• DATA EXCERPTS:

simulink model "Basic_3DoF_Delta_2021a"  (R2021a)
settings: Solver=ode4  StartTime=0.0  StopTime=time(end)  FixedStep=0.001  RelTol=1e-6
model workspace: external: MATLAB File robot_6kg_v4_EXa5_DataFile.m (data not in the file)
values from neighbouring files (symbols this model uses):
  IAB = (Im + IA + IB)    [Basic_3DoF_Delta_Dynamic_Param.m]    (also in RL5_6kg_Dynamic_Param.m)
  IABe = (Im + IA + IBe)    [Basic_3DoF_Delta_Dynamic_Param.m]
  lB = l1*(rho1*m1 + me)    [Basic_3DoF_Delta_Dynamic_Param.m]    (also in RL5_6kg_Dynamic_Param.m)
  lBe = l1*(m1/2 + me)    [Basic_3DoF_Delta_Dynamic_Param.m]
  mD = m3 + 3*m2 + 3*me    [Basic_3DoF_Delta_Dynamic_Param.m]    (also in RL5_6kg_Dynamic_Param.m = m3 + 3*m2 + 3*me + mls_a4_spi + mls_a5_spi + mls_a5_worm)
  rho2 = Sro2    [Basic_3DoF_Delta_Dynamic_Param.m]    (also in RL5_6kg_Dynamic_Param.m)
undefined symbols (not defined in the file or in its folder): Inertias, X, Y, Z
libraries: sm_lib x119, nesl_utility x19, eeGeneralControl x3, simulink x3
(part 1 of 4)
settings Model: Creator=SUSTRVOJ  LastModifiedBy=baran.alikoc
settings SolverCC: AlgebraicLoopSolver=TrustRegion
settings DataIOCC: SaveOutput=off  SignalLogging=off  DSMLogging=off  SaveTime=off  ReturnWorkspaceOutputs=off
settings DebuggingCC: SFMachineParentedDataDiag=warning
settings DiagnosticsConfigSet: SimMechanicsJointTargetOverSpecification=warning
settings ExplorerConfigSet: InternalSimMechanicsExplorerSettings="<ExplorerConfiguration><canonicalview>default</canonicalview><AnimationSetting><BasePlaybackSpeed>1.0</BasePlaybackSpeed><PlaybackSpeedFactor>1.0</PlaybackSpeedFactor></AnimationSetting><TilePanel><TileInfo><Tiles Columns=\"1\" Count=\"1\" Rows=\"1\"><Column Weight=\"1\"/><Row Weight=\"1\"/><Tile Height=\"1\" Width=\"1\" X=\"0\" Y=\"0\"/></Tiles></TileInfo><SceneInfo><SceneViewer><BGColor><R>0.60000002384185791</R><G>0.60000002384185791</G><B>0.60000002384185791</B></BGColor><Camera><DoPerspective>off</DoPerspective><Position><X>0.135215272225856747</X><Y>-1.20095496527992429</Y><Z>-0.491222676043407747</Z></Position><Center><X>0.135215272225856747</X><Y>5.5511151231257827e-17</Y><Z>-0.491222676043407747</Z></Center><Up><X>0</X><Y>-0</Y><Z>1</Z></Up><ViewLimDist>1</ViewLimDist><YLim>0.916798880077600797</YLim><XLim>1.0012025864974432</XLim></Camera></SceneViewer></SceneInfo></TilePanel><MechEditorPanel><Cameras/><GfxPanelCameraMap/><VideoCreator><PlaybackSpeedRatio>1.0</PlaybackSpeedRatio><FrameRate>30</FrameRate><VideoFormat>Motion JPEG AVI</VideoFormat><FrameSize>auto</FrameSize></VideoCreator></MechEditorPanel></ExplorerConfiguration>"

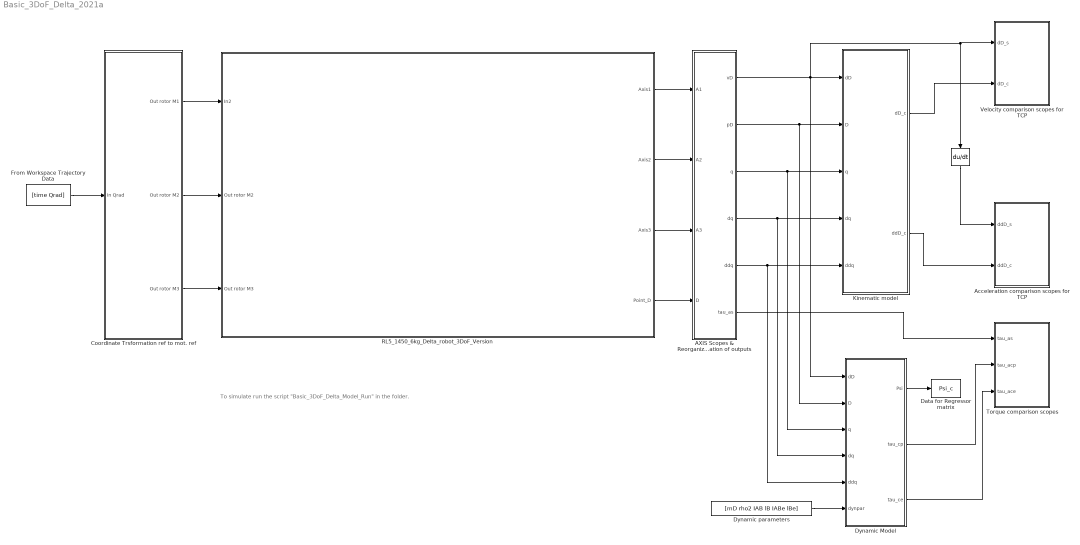
== system Basic_3DoF_Delta_2021a ==
  note: To simulate run the script "Basic_3DoF_Delta_Model_Run" in the folder.
  "   " : Derivative
  AXIS Scopes & Reorganization of outputs : Subsystem
  Acceleration comparison scopes for TCP : Subsystem
  Coordinate Trsformation ref to mot. ref : Subsystem
  Data for Regressor matrix : ToWorkspace  VariableName=Psi_c  SaveFormat=Structure With Time  SampleTime=-1
  Dynamic Model : MATLAB Function  TreatAsAtomicUnit=on
  Dynamic parameters : Constant  Value=[mD rho2 IAB lB IABe lBe]
  From Workspace Trajectory Data : FromWorkspace  VariableName=[time Qrad]  SampleTime=1e-3
  Kinematic model : MATLAB Function  TreatAsAtomicUnit=on
  RL5_1450_6kg_Delta_robot_3DoF_Version : Subsystem
  Torque comparison scopes : Subsystem
  Velocity comparison scopes for TCP : Subsystem
  wires:
  From Workspace Trajectory Data/1 -> Coordinate Trsformation ref to mot. ref/1(In Qrad)
  Coordinate Trsformation ref to mot. ref/1(Out rotor M1) -> RL5_1450_6kg_Delta_robot_3DoF_Version/1(In2)
  Coordinate Trsformation ref to mot. ref/2(Out rotor M2) -> RL5_1450_6kg_Delta_robot_3DoF_Version/2(Out rotor M2)
  Coordinate Trsformation ref to mot. ref/3(Out rotor M3) -> RL5_1450_6kg_Delta_robot_3DoF_Version/3(Out rotor M3)
  RL5_1450_6kg_Delta_robot_3DoF_Version/4(Point_D) -> AXIS Scopes & Reorganization of outputs/4(D)
  RL5_1450_6kg_Delta_robot_3DoF_Version/3(Axis3) -> AXIS Scopes & Reorganization of outputs/3(A3)
  RL5_1450_6kg_Delta_robot_3DoF_Version/2(Axis2) -> AXIS Scopes & Reorganization of outputs/2(A2)
  RL5_1450_6kg_Delta_robot_3DoF_Version/1(Axis1) -> AXIS Scopes & Reorganization of outputs/1(A1)
  Dynamic Model/2(tau_cp) -> Torque comparison scopes/2(tau_acp)
  Dynamic parameters/1 -> Dynamic Model/6(dynpar)
  Dynamic Model/1(Psi) -> Data for Regressor matrix/1
  Kinematic model/2(ddD_c) -> Acceleration comparison scopes for TCP/2(ddD_c)
  "   "/1 -> Acceleration comparison scopes for TCP/1(ddD_s)
  AXIS Scopes & Reorganization of outputs/2(pD) -> Dynamic Model/2(D), Kinematic model/2(D)
  AXIS Scopes & Reorganization of outputs/3(q) -> Dynamic Model/3(q), Kinematic model/3(q)
  AXIS Scopes & Reorganization of outputs/4(dq) -> Dynamic Model/4(dq), Kinematic model/4(dq)
  AXIS Scopes & Reorganization of outputs/5(ddq) -> Dynamic Model/5(ddq), Kinematic model/5(ddq)
  AXIS Scopes & Reorganization of outputs/6(tau_as) -> Torque comparison scopes/1(tau_as)
  AXIS Scopes & Reorganization of outputs/1(vD) -> Dynamic Model/1(dD), Kinematic model/1(dD), "   "/1, Velocity comparison scopes for TCP/1(dD_s)
  Kinematic model/1(dD_c) -> Velocity comparison scopes for TCP/2(dD_c)
  Dynamic Model/3(tau_ce) -> Torque comparison scopes/3(tau_ace)

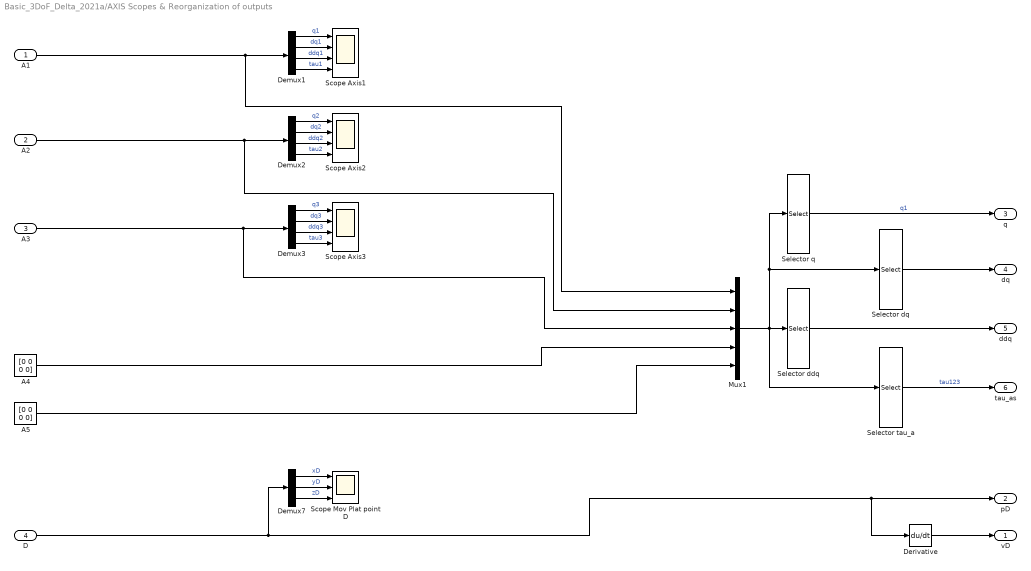
== system Basic_3DoF_Delta_2021a/AXIS Scopes & Reorganization of outputs ==
  A1 : Inport
  A2 : Inport  Port=2
  A3 : Inport  Port=3
  D : Inport  Port=4
  A4 : Constant  Value=[0 0 0 0]
  A5 : Constant  Value=[0 0 0 0]
  Demux1 : Demux
  Demux2 : Demux
  Demux3 : Demux
  Demux7 : Demux  Outputs=3
  Derivative : Derivative
  Mux1 : Mux  Inputs=5
  Scope Axis1 : Scope  NumInputPorts=4
  Scope Axis2 : Scope  NumInputPorts=4
  Scope Axis3 : Scope  NumInputPorts=4
  Scope Mov Plat point D : Scope  NumInputPorts=3
  Selector ddq : Selector  InputPortWidth=20  IndexOptions=Index vector (dialog)  Indices=[3 7 11 15 19]  OutputSizes=1
  Selector dq : Selector  InputPortWidth=20  IndexOptions=Index vector (dialog)  Indices=[2 6 10 14 18]  OutputSizes=1
  Selector q : Selector  InputPortWidth=20  IndexOptions=Index vector (dialog)  Indices=[1 5 9 13 17]  OutputSizes=1
  Selector tau_a : Selector  InputPortWidth=20  IndexOptions=Index vector (dialog)  Indices=[4 8 12]  OutputSizes=1
  vD : Outport
  pD : Outport  Port=2
  q : Outport  Port=3
  dq : Outport  Port=4
  ddq : Outport  Port=5
  tau_as : Outport  Port=6
  wires:
  A4/1 -> Mux1/4
  A1/1 -> Mux1/1, Demux1/1
  A5/1 -> Mux1/5
  D/1 -> Demux7/1, Derivative/1, pD/1
  Demux3/2 -> Scope Axis3/2  "dq3"
  Demux3/3 -> Scope Axis3/3  "ddq3"
  Demux7/1 -> Scope Mov Plat point D/1  "xD"
  Demux7/3 -> Scope Mov Plat point D/3  "zD"
  Demux3/4 -> Scope Axis3/4  "tau3"
  Demux2/1 -> Scope Axis2/1  "q2"
  Demux7/2 -> Scope Mov Plat point D/2  "yD"
  Demux3/1 -> Scope Axis3/1  "q3"
  A3/1 -> Mux1/3, Demux3/1
  Demux2/4 -> Scope Axis2/4  "tau2"
  Demux1/4 -> Scope Axis1/4  "tau1"
  A2/1 -> Mux1/2, Demux2/1
  Demux2/2 -> Scope Axis2/2  "dq2"
  Demux2/3 -> Scope Axis2/3  "ddq2"
  Demux1/1 -> Scope Axis1/1  "q1"
  Demux1/3 -> Scope Axis1/3  "ddq1"
  Demux1/2 -> Scope Axis1/2  "dq1"
  Selector ddq/1 -> ddq/1
  Selector q/1 -> q/1  "q1"
  Mux1/1 -> Selector ddq/1, Selector dq/1, Selector q/1, Selector tau_a/1
  Selector dq/1 -> dq/1
  Selector tau_a/1 -> tau_as/1  "tau123"
  Derivative/1 -> vD/1

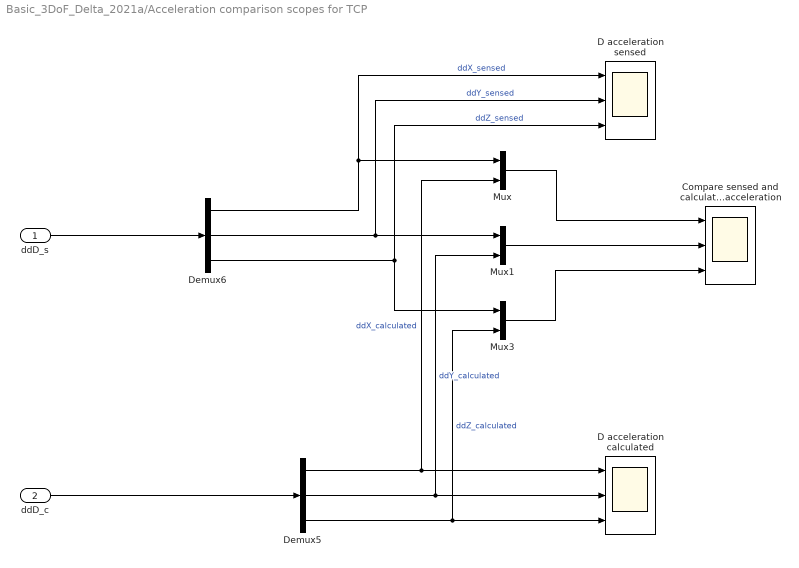
== system Basic_3DoF_Delta_2021a/Acceleration comparison scopes for TCP ==
  ddD_s : Inport
  ddD_c : Inport  Port=2
  Compare sensed and calculated D acceleration : Scope  NumInputPorts=3
  D acceleration calculated : Scope  NumInputPorts=3
  D acceleration sensed : Scope  NumInputPorts=3
  Demux5 : Demux  Outputs=3
  Demux6 : Demux  Outputs=3
  Mux : Mux  Inputs=2
  Mux1 : Mux  Inputs=2
  Mux3 : Mux  Inputs=2
  wires:
  Demux6/3 -> D acceleration sensed/3, Mux3/1  "ddZ_sensed"
  Demux5/3 -> Mux3/2, D acceleration calculated/3  "ddZ_calculated"
  Demux5/2 -> D acceleration calculated/2, Mux1/2  "ddY_calculated"
  Demux6/2 -> D acceleration sensed/2, Mux1/1  "ddY_sensed"
  Demux6/1 -> D acceleration sensed/1, Mux/1  "ddX_sensed"
  ddD_s/1 -> Demux6/1
  Demux5/1 -> D acceleration calculated/1, Mux/2  "ddX_calculated"
  Mux1/1 -> Compare sensed and calculated D acceleration/2
  Mux3/1 -> Compare sensed and calculated D acceleration/3
  Mux/1 -> Compare sensed and calculated D acceleration/1
  ddD_c/1 -> Demux5/1

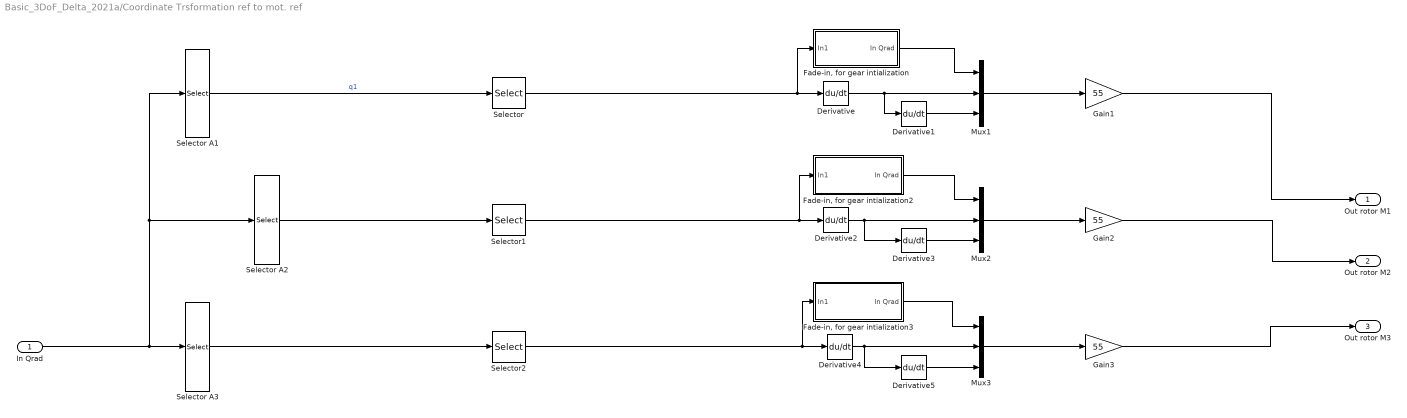
== system Basic_3DoF_Delta_2021a/Coordinate Trsformation ref to mot. ref ==
  In Qrad : Inport
  Derivative{,1..5} (6 alike) : Derivative
  "Fade-in, for gear intialization" : Subsystem
  "Fade-in, for gear intialization2" : Subsystem
  "Fade-in, for gear intialization3" : Subsystem
  Gain1 : Gain  Gain=55
  Gain2 : Gain  Gain=55
  Gain3 : Gain  Gain=55
  Mux1 : Mux  Inputs=3
  Mux2 : Mux  Inputs=3
  Mux3 : Mux  Inputs=3
  Selector : Selector  InputPortWidth=3  IndexOptions=Index vector (dialog)  Indices=[1]  OutputSizes=1
  Selector A1 : Selector  InputPortWidth=15  IndexOptions=Index vector (dialog)  Indices=[1 6 11]  OutputSizes=1
  Selector A2 : Selector  InputPortWidth=15  IndexOptions=Index vector (dialog)  Indices=[2 7 12]  OutputSizes=1
  Selector A3 : Selector  InputPortWidth=15  IndexOptions=Index vector (dialog)  Indices=[3 8 13]  OutputSizes=1
  Selector1 : Selector  InputPortWidth=3  IndexOptions=Index vector (dialog)  Indices=[1]  OutputSizes=1
  Selector2 : Selector  InputPortWidth=3  IndexOptions=Index vector (dialog)  Indices=[1]  OutputSizes=1
  Out rotor M1 : Outport
  Out rotor M2 : Outport  Port=2
  Out rotor M3 : Outport  Port=3
  wires:
  In Qrad/1 -> Selector A1/1, Selector A2/1, Selector A3/1
  Gain1/1 -> Out rotor M1/1
  Gain2/1 -> Out rotor M2/1
  Gain3/1 -> Out rotor M3/1
  Derivative1/1 -> Mux1/3
  Derivative/1 -> Mux1/2, Derivative1/1
  Selector A1/1 -> Selector/1  "q1"
  Mux1/1 -> Gain1/1
  Mux2/1 -> Gain2/1
  Mux3/1 -> Gain3/1
  Derivative3/1 -> Mux2/3
  Derivative2/1 -> Mux2/2, Derivative3/1
  Derivative5/1 -> Mux3/3
  Derivative4/1 -> Mux3/2, Derivative5/1
  Selector2/1 -> "Fade-in, for gear intialization3"/1(In1), Derivative4/1
  Selector1/1 -> "Fade-in, for gear intialization2"/1(In1), Derivative2/1
  Selector/1 -> "Fade-in, for gear intialization"/1(In1), Derivative/1
  Selector A3/1 -> Selector2/1
  "Fade-in, for gear intialization"/1(In Qrad) -> Mux1/1
  Selector A2/1 -> Selector1/1
  "Fade-in, for gear intialization2"/1(In Qrad) -> Mux2/1
  "Fade-in, for gear intialization3"/1(In Qrad) -> Mux3/1

• HOW TO COMPLETE THIS TASK: Nothing should appear in the answer except the lines above from the line with "Demux6/1 -> D" through the line with "Mux1/1 -> Compare", both included, written out exactly.

• ANSWER BOX:
  Demux6/1 -> D acceleration sensed/1, Mux/1  "ddX_sensed"
  ddD_s/1 -> Demux6/1
  Demux5/1 -> D acceleration calculated/1, Mux/2  "ddX_calculated"
  Mux1/1 -> Compare sensed and calculated D acceleration/2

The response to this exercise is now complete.